RECORDED INFORMATION:
******
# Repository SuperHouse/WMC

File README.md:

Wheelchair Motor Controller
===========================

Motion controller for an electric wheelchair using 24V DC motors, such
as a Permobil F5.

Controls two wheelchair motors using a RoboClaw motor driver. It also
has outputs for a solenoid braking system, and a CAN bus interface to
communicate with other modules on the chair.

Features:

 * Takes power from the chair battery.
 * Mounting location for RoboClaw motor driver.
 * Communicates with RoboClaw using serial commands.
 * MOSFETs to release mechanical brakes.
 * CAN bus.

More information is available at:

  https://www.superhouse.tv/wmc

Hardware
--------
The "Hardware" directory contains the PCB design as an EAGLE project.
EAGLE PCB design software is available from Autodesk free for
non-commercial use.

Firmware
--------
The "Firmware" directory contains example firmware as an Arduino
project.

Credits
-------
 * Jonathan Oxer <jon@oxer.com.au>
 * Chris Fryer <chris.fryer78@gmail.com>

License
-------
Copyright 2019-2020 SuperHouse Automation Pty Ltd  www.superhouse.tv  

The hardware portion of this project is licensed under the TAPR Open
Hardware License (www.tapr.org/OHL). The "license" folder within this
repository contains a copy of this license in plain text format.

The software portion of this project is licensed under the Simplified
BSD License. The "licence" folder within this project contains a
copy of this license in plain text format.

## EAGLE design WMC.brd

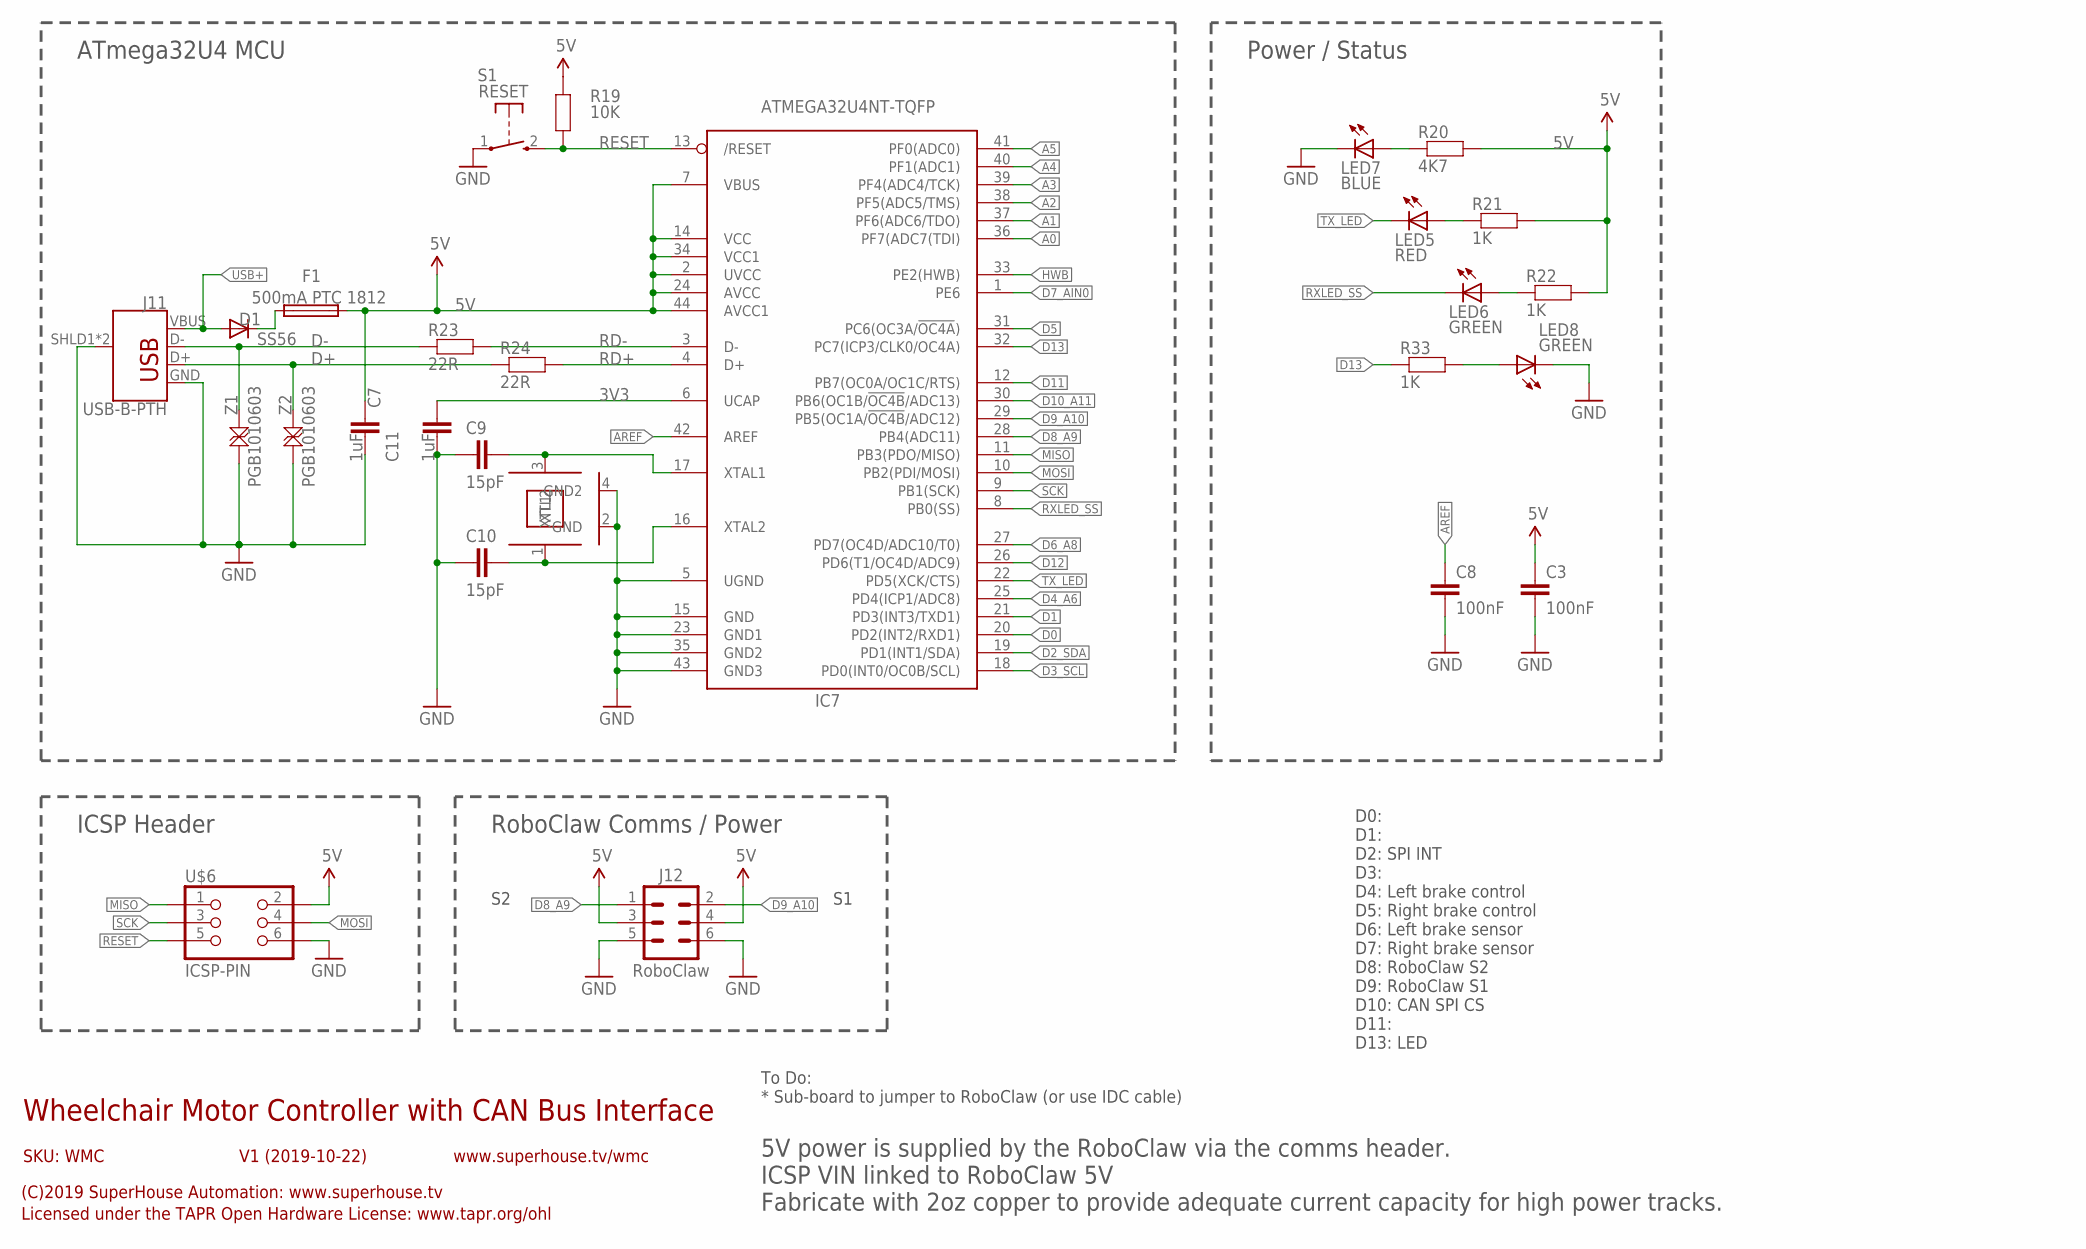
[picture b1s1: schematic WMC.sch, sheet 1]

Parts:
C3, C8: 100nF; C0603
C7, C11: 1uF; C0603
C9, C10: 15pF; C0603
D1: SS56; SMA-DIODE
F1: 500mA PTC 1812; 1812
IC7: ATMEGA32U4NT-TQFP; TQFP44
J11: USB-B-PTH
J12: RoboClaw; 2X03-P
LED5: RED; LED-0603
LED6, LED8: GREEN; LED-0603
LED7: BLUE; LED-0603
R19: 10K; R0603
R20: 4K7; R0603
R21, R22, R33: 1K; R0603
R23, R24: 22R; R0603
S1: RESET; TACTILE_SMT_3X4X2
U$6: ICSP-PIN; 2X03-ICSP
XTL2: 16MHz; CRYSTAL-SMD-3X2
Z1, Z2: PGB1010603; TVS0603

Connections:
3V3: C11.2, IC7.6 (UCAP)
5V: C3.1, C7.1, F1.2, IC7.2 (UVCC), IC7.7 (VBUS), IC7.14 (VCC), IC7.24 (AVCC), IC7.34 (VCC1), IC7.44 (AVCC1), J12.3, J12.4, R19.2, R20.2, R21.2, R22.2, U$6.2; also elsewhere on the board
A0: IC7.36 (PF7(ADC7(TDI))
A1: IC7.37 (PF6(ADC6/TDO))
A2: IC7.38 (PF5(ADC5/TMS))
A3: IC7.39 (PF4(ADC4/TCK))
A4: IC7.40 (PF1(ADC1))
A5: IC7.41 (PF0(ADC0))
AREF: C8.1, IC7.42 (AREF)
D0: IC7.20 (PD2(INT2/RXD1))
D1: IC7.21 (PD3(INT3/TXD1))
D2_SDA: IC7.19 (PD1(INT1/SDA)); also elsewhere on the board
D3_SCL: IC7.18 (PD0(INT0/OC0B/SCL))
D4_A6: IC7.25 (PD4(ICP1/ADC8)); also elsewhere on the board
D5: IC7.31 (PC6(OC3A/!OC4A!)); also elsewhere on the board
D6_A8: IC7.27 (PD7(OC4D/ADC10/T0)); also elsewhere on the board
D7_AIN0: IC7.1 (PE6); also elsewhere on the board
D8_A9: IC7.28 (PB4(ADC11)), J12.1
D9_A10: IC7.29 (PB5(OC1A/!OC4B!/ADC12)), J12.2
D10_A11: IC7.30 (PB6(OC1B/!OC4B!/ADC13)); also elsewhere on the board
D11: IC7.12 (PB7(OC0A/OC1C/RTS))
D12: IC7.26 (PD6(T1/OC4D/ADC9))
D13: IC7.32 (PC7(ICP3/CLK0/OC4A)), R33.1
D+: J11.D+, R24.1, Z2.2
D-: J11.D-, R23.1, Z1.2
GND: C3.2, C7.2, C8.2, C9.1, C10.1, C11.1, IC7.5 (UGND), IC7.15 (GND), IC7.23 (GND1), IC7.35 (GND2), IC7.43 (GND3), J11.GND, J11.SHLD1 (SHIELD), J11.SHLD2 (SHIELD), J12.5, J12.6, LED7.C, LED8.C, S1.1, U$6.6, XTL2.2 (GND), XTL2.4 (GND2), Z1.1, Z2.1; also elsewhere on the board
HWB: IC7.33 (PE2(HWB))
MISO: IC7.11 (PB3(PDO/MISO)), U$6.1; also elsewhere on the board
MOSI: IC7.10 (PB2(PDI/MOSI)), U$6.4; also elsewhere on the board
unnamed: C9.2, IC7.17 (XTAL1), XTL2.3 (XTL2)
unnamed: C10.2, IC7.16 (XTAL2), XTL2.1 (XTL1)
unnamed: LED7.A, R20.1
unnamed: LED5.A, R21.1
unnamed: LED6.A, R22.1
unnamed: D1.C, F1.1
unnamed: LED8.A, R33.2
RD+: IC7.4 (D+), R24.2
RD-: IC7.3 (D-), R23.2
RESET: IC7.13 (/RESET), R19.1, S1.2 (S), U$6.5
******
Could you write out every record exactly, leaving the pictures out?

# Repository SuperHouse/WMC

File README.md:

Wheelchair Motor Controller
===========================

Motion controller for an electric wheelchair using 24V DC motors, such
as a Permobil F5.

Controls two wheelchair motors using a RoboClaw motor driver. It also
has outputs for a solenoid braking system, and a CAN bus interface to
communicate with other modules on the chair.

Features:

 * Takes power from the chair battery.
 * Mounting location for RoboClaw motor driver.
 * Communicates with RoboClaw using serial commands.
 * MOSFETs to release mechanical brakes.
 * CAN bus.

More information is available at:

  https://www.superhouse.tv/wmc

Hardware
--------
The "Hardware" directory contains the PCB design as an EAGLE project.
EAGLE PCB design software is available from Autodesk free for
non-commercial use.

Firmware
--------
The "Firmware" directory contains example firmware as an Arduino
project.

Credits
-------
 * Jonathan Oxer <jon@oxer.com.au>
 * Chris Fryer <chris.fryer78@gmail.com>

License
-------
Copyright 2019-2020 SuperHouse Automation Pty Ltd  www.superhouse.tv  

The hardware portion of this project is licensed under the TAPR Open
Hardware License (www.tapr.org/OHL). The "license" folder within this
repository contains a copy of this license in plain text format.

The software portion of this project is licensed under the Simplified
BSD License. The "licence" folder within this project contains a
copy of this license in plain text format.

## EAGLE design WMC.brd

[picture b1s1: schematic WMC.sch, sheet 1]

Parts:
C3, C8: 100nF; C0603
C7, C11: 1uF; C0603
C9, C10: 15pF; C0603
D1: SS56; SMA-DIODE
F1: 500mA PTC 1812; 1812
IC7: ATMEGA32U4NT-TQFP; TQFP44
J11: USB-B-PTH
J12: RoboClaw; 2X03-P
LED5: RED; LED-0603
LED6, LED8: GREEN; LED-0603
LED7: BLUE; LED-0603
R19: 10K; R0603
R20: 4K7; R0603
R21, R22, R33: 1K; R0603
R23, R24: 22R; R0603
S1: RESET; TACTILE_SMT_3X4X2
U$6: ICSP-PIN; 2X03-ICSP
XTL2: 16MHz; CRYSTAL-SMD-3X2
Z1, Z2: PGB1010603; TVS0603

Connections:
3V3: C11.2, IC7.6 (UCAP)
5V: C3.1, C7.1, F1.2, IC7.2 (UVCC), IC7.7 (VBUS), IC7.14 (VCC), IC7.24 (AVCC), IC7.34 (VCC1), IC7.44 (AVCC1), J12.3, J12.4, R19.2, R20.2, R21.2, R22.2, U$6.2; also elsewhere on the board
A0: IC7.36 (PF7(ADC7(TDI))
A1: IC7.37 (PF6(ADC6/TDO))
A2: IC7.38 (PF5(ADC5/TMS))
A3: IC7.39 (PF4(ADC4/TCK))
A4: IC7.40 (PF1(ADC1))
A5: IC7.41 (PF0(ADC0))
AREF: C8.1, IC7.42 (AREF)
D0: IC7.20 (PD2(INT2/RXD1))
D1: IC7.21 (PD3(INT3/TXD1))
D2_SDA: IC7.19 (PD1(INT1/SDA)); also elsewhere on the board
D3_SCL: IC7.18 (PD0(INT0/OC0B/SCL))
D4_A6: IC7.25 (PD4(ICP1/ADC8)); also elsewhere on the board
D5: IC7.31 (PC6(OC3A/!OC4A!)); also elsewhere on the board
D6_A8: IC7.27 (PD7(OC4D/ADC10/T0)); also elsewhere on the board
D7_AIN0: IC7.1 (PE6); also elsewhere on the board
D8_A9: IC7.28 (PB4(ADC11)), J12.1
D9_A10: IC7.29 (PB5(OC1A/!OC4B!/ADC12)), J12.2
D10_A11: IC7.30 (PB6(OC1B/!OC4B!/ADC13)); also elsewhere on the board
D11: IC7.12 (PB7(OC0A/OC1C/RTS))
D12: IC7.26 (PD6(T1/OC4D/ADC9))
D13: IC7.32 (PC7(ICP3/CLK0/OC4A)), R33.1
D+: J11.D+, R24.1, Z2.2
D-: J11.D-, R23.1, Z1.2
GND: C3.2, C7.2, C8.2, C9.1, C10.1, C11.1, IC7.5 (UGND), IC7.15 (GND), IC7.23 (GND1), IC7.35 (GND2), IC7.43 (GND3), J11.GND, J11.SHLD1 (SHIELD), J11.SHLD2 (SHIELD), J12.5, J12.6, LED7.C, LED8.C, S1.1, U$6.6, XTL2.2 (GND), XTL2.4 (GND2), Z1.1, Z2.1; also elsewhere on the board
HWB: IC7.33 (PE2(HWB))
MISO: IC7.11 (PB3(PDO/MISO)), U$6.1; also elsewhere on the board
MOSI: IC7.10 (PB2(PDI/MOSI)), U$6.4; also elsewhere on the board
unnamed: C9.2, IC7.17 (XTAL1), XTL2.3 (XTL2)
unnamed: C10.2, IC7.16 (XTAL2), XTL2.1 (XTL1)
unnamed: LED7.A, R20.1
unnamed: LED5.A, R21.1
unnamed: LED6.A, R22.1
unnamed: D1.C, F1.1
unnamed: LED8.A, R33.2
RD+: IC7.4 (D+), R24.2
RD-: IC7.3 (D-), R23.2
RESET: IC7.13 (/RESET), R19.1, S1.2 (S), U$6.5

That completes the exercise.